LISBON — Monmouth Academy pulled away from the Lisbon Greyhounds in the second half to seal a 43-30 Mountain Valley Conference girls’ basketball win Wednesday.

Pressure from the Mustangs frustrated the Greyhounds, who opened the game shooting 2-for-8 from the field. Lisbon coach Julie Petrie thought her team’s offense was a little tentative against the two-time defending Class C champions.

“I thought defensively we did well,” Petrie said. “We were just very passive on offense. We just really didn’t get an offensive flow going to start.”

“I have a bunch of role players that are learning to step into leading roles,” Monmouth coach Rick Larrabee said. “As we play any team, it doesn’t matter from the top of the league to the bottom, we’re going to get everybody’s best game.”
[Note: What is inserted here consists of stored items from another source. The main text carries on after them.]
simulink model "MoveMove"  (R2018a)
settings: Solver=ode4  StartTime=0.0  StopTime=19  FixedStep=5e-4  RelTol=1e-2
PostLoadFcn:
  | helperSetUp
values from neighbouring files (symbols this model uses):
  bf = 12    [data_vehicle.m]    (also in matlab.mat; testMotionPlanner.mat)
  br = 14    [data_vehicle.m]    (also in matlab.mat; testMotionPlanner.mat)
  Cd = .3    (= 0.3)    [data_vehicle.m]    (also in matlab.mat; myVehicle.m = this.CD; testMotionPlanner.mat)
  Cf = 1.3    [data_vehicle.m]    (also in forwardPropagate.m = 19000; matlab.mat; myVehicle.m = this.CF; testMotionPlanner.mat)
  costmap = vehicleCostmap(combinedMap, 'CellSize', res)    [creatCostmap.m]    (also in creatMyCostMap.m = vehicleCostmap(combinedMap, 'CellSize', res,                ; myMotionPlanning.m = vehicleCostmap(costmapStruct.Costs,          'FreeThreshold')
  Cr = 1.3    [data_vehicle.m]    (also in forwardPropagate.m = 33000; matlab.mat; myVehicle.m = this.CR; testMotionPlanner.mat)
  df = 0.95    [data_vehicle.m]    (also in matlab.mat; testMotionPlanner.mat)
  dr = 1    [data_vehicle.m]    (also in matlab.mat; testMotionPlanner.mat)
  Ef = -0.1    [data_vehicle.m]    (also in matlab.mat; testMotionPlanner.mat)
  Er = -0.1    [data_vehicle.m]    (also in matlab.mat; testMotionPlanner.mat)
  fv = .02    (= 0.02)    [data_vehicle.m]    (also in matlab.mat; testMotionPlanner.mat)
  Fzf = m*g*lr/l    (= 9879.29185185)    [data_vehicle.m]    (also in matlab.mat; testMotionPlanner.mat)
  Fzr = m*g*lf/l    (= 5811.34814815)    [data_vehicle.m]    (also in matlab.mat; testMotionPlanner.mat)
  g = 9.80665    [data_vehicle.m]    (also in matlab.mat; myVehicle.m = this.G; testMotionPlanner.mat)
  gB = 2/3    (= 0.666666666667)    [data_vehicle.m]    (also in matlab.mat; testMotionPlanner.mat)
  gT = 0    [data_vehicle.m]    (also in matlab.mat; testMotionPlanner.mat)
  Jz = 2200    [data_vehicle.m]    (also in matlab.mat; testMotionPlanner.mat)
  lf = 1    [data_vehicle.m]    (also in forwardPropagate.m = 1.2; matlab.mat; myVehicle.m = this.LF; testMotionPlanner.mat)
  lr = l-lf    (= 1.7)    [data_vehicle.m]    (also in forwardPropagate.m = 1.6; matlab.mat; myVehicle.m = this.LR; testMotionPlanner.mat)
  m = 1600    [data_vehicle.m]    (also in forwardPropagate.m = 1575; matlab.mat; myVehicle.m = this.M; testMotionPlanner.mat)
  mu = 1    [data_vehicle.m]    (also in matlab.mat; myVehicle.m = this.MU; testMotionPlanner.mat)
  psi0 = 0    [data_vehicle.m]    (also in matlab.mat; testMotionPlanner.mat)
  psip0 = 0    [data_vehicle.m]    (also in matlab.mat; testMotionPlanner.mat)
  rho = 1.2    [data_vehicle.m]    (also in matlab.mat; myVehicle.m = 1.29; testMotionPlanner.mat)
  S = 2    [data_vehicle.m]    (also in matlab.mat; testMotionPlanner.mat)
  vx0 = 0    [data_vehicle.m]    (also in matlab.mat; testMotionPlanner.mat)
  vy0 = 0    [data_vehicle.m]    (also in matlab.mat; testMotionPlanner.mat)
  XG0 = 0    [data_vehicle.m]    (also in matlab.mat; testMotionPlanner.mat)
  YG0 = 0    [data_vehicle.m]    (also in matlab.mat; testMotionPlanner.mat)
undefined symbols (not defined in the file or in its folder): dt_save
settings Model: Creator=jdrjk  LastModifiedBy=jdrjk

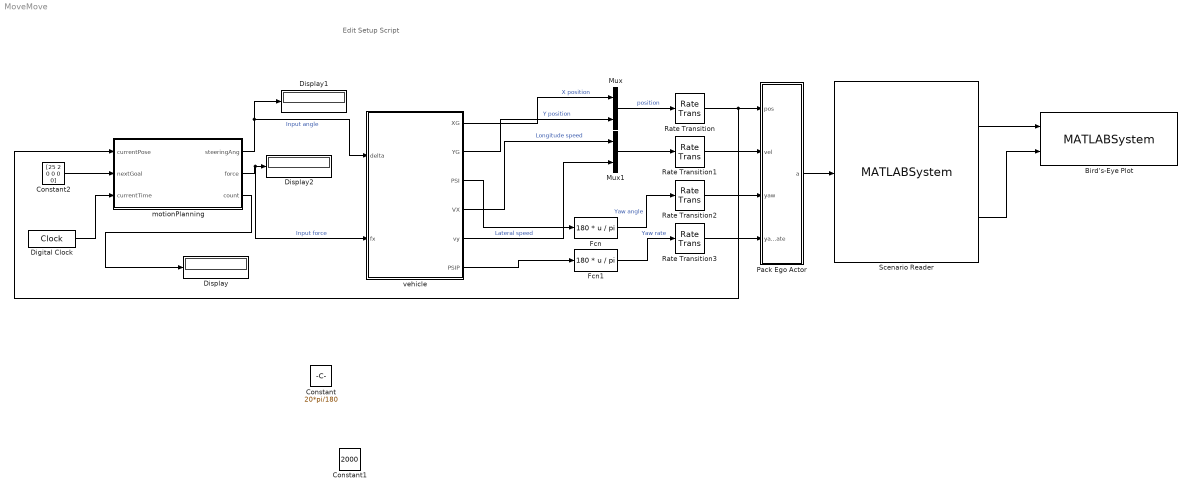
== system MoveMove ==
  note: Edit Setup Script
  Bird's-Eye Plot : MATLABSystem  System=helperBirdsEyePlot  ScenarioFileName=lkaScenarioSimulink  XLim=[-20, 50 ]  YLim=[ -30, 30 ]  HasActors=on  HasVision=off  HasRadar=off  HasTracks=off  TrackPositionSelector=[ 1, 0, 0, 0, 0, 0; 0, 0, 1, 0, 0, 0 ]  TrackVelocitySelector=[ 0, 1, 0, 0, 0, 0; 0, 0, 0, 1, 0, 0 ]  HasMIO=off  HasRoads=off  HasLaneBoundaries=off  HasLaneMarkings=on
      settings: ModelCloseFcn=helperCloseAll(gcb)
      mask Type: helperBirdsEyePlot
      mask Display:
      | disp(['Bird''s-Eye' char(10) 'Plot']);
      | port_label('input',1,'Actors');
      | port_label('input',2,'Lane Markings');
  Constant : Constant  Value=20*pi/180
  Constant1 : Constant  Value=2000
  Constant2 : Constant  Value=[25 2 0 0 0 0]  VectorParams1D=off
  Digital Clock : DigitalClock  SampleTime=0.01
  Display : Display
  Display1 : Display
  Display2 : Display
  Fcn : Fcn  Expr=180 * u / pi
  Fcn1 : Fcn  Expr=180 * u / pi
  Mux : Mux  Inputs=2
  Mux1 : Mux  Inputs=2
  Pack Ego Actor : MATLAB Function  TreatAsAtomicUnit=on
  Rate Transition{,1..3} (4 alike) : RateTransition  OutPortSampleTime=Ts
  Scenario Reader : MATLABSystem  System=helperScenarioReader  ScenarioFileName=lkaScenarioSimulink  EgoActorSource=Input port  EgoActorID=1  RoadBoundaries=off  LaneBoundaries=off  AllBoundaries=off  LaneBoundaryDistance=0:0.5:60  LaneBoundaryLocation=inner  CurrentLane=off  NumLanes=off  LaneMarkings=on  BusNameSource=Auto  BusName2Source=Auto  BusName3Source=Auto  SimulateUsing=Interpreted execution
      mask Type: helperScenarioReader
      mask Display:
      | disp(['Scenario' char(10) 'Reader']);
      | port_label('input',1,'Ego Actor');
      | port_label('output',1,'Actors');
      | port_label('output',2,'Lane Markings');
  motionPlanning : MATLAB Function  TreatAsAtomicUnit=on  mask{Costmap=costmap, MinIterations=1000, ConnectionDistance=3, MinTurningRadius=20, XStart=0, YStart=0, ThetaStart=0}
      mask prompts: Costmap "Vehicle costmap:"; MinIterations "Minimum iteration:"; ConnectionDistance "Connection distance [m]:"; MinTurningRadius "Minimum turning radius [m]:"; XStart "X positon [m]:"; YStart "Y position [m]:"; ThetaStart "Heading angle [deg]:"
      mask init:
      | validateattributes(Costmap, {'vehicleCostmap'}, {'scalar'});
      | 
      | startPose         = [XStart YStart ThetaStart 0 0 0];
      | varagout          = helperSLCreateUtilityStruct(Costmap);
      | vehicleDimsStruct = varagout{1};
      | costmapStruct     = varagout{2};
  vehicle : Subsystem
  wires:
  vehicle/4(VX) -> Mux1/1  "Longitude speed"
  vehicle/2(YG) -> Mux/2  "Y position"
  vehicle/5(vy) -> Mux1/2  "Lateral speed"
  vehicle/3(PSI) -> Fcn/1
  vehicle/1(XG) -> Mux/1  "X position"
  vehicle/6("PSIP ") -> Fcn1/1
  Rate Transition2/1 -> Pack Ego Actor/3(yaw)
  Mux1/1 -> Rate Transition1/1
  Rate Transition/1 -> motionPlanning/1(currentPose), Pack Ego Actor/1(pos)
  Scenario Reader/1 -> Bird's-Eye Plot/1
  Fcn1/1 -> Rate Transition3/1  "Yaw rate"
  Mux/1 -> Rate Transition/1  "position"
  Pack Ego Actor/1(a) -> Scenario Reader/1
  Rate Transition3/1 -> Pack Ego Actor/4(yawRate)
  Rate Transition1/1 -> Pack Ego Actor/2(vel)
  Fcn/1 -> Rate Transition2/1  "Yaw angle"
  Scenario Reader/2 -> Bird's-Eye Plot/2
  Constant2/1 -> motionPlanning/2(nextGoal)
  motionPlanning/2(force) -> vehicle/2(fx), Display2/1  "Input force"
  motionPlanning/3(count) -> Display/1
  Digital Clock/1 -> motionPlanning/3(currentTime)
  motionPlanning/1(steeringAng) -> vehicle/1(delta), Display1/1  "Input angle"

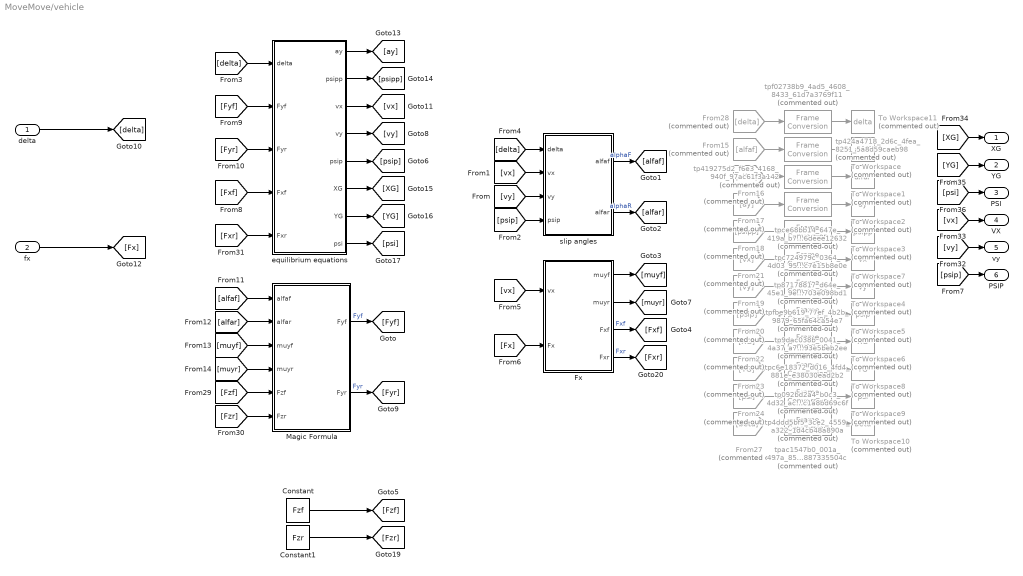
== system MoveMove/vehicle ==
  delta : Inport
  fx : Inport  Port=2
  Constant : Constant  Value=Fzf
  Constant1 : Constant  Value=Fzr
  From15 : From  Commented=on  GotoTag=alfaf
  From16 : From  Commented=on  GotoTag=alfar
  From17 : From  Commented=on  GotoTag=ay
  From18 : From  Commented=on  GotoTag=psipp
  From19 : From  Commented=on  GotoTag=vy
  From20 : From  Commented=on  GotoTag=psip
  From21 : From  Commented=on  GotoTag=vx
  From22 : From  Commented=on  GotoTag=XG
  From23 : From  Commented=on  GotoTag=YG
  From24 : From  Commented=on  GotoTag=psi
  From27 : From  Commented=on  GotoTag=beta
  From28 : From  Commented=on  GotoTag=delta
  Fx : Subsystem
  Magic Formula : Subsystem
  To Workspace : ToWorkspace  Commented=on  VariableName=alfaf  SampleTime=dt_save
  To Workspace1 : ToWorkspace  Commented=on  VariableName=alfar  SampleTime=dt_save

The Mustangs opened the scoring off the opening tip when Abby Ferland drove the hoop for a score. After a pair of Lisbon turnovers, Audrey Fletcher’s jumper added to the Monmouth lead and forced an early timeout from the Greyhounds.

Ferland picked off a pass and went in alone for a layup out of the timeout, but the Greyhounds answered with their first field goal when Carly Drischler drained a 3-pointer from the corner. Both teams struggled to find points late in the opening quarter, and despite the cold start, Lisbon trailed only 8-5 after one.

Monmouth was unable to get separation from the Greyhounds until midway through the second period.

After Lisbon’s Mallory Fairbanks cut the lead to 12-9, Kaeti Buttefield immediately answered for the Mustangs with a 3-pointer. Butterfield then added two from the post on the Mustangs’ next possession, and the quick 5-0 run forced Lisbon to take a timeout with the Monmouth lead at 17-9.

“I had a plan going into the game where we had to wait for certain moments in the game to do certain things, and we executed that,” Larrabee said. “I had to wait for the second half to wait for the pressure that you saw — it’s a big court.”

Fairbanks opened the scoring for Lisbon in the second half, picking off a pass at midcourt driving in alone for two. Butterfield responded for the Mustangs, once again working down low to get a layup.

Lisbon wouldn’t go away, though, as Charlee Cox and Fairbanks added buckets. Monmouth led the Greyhounds 26-18 with 2:24 remaining in the third quarter.

“We talked about that. I just felt like we were dribbling too much, and not really getting good shot opportunities,” Petrie said. “The third quarters kind of been our Achilles heel, so we tried to make that our quarter today, which we did.”

The Greyhounds found themselves in foul trouble early in the third quarter, leading to some free points for Monmouth. Monmouth made 7-of-9 free throws in the third quarter.

Both teams found themselves in the bonus in the third quarter in what Larrabee called a physical game.

“That stuff needs to be called, they need to control the game,” Larrabee said. “Both teams shouldn’t be shooting 10 foul shots 30 seconds into the fourth quarter, it was physical both ways, both teams had to deal with adversity.”

Butterfield gave Monmouth a 33-19 lead heading into the final quarter with a steal and score just before the buzzer. Both teams spent a lot of time at the foul line in the fourth quarter, and Monmouth was able to continue its hot shooting and built the lead to 39-22.

Lisbon kept battling. Kiley Merritt knocked down a trey. Merritt then found Cox cutting to the basket for two. The late rally fell short, though.

“Do I like laying games like this, because of the physicality and the officiating and stuff like that? No I don’t,” Larrabee said. “But, on the opposite end of that, it builds character, it builds knowledge of the game and players learn how to play.”

The Mustangs improve to 2-3. They were led by Butterfield’s 11 points, while Katie Harris added eight points for Monmouth.

Fairbanks led Lisbon, who falls to 0-4, with eight points, and Merritt chipped in six.

“Obviously, you want to win, and we’re still working for that first one,” Petrie said. “But, if they keep working, we’re going to get them. They’ll come.”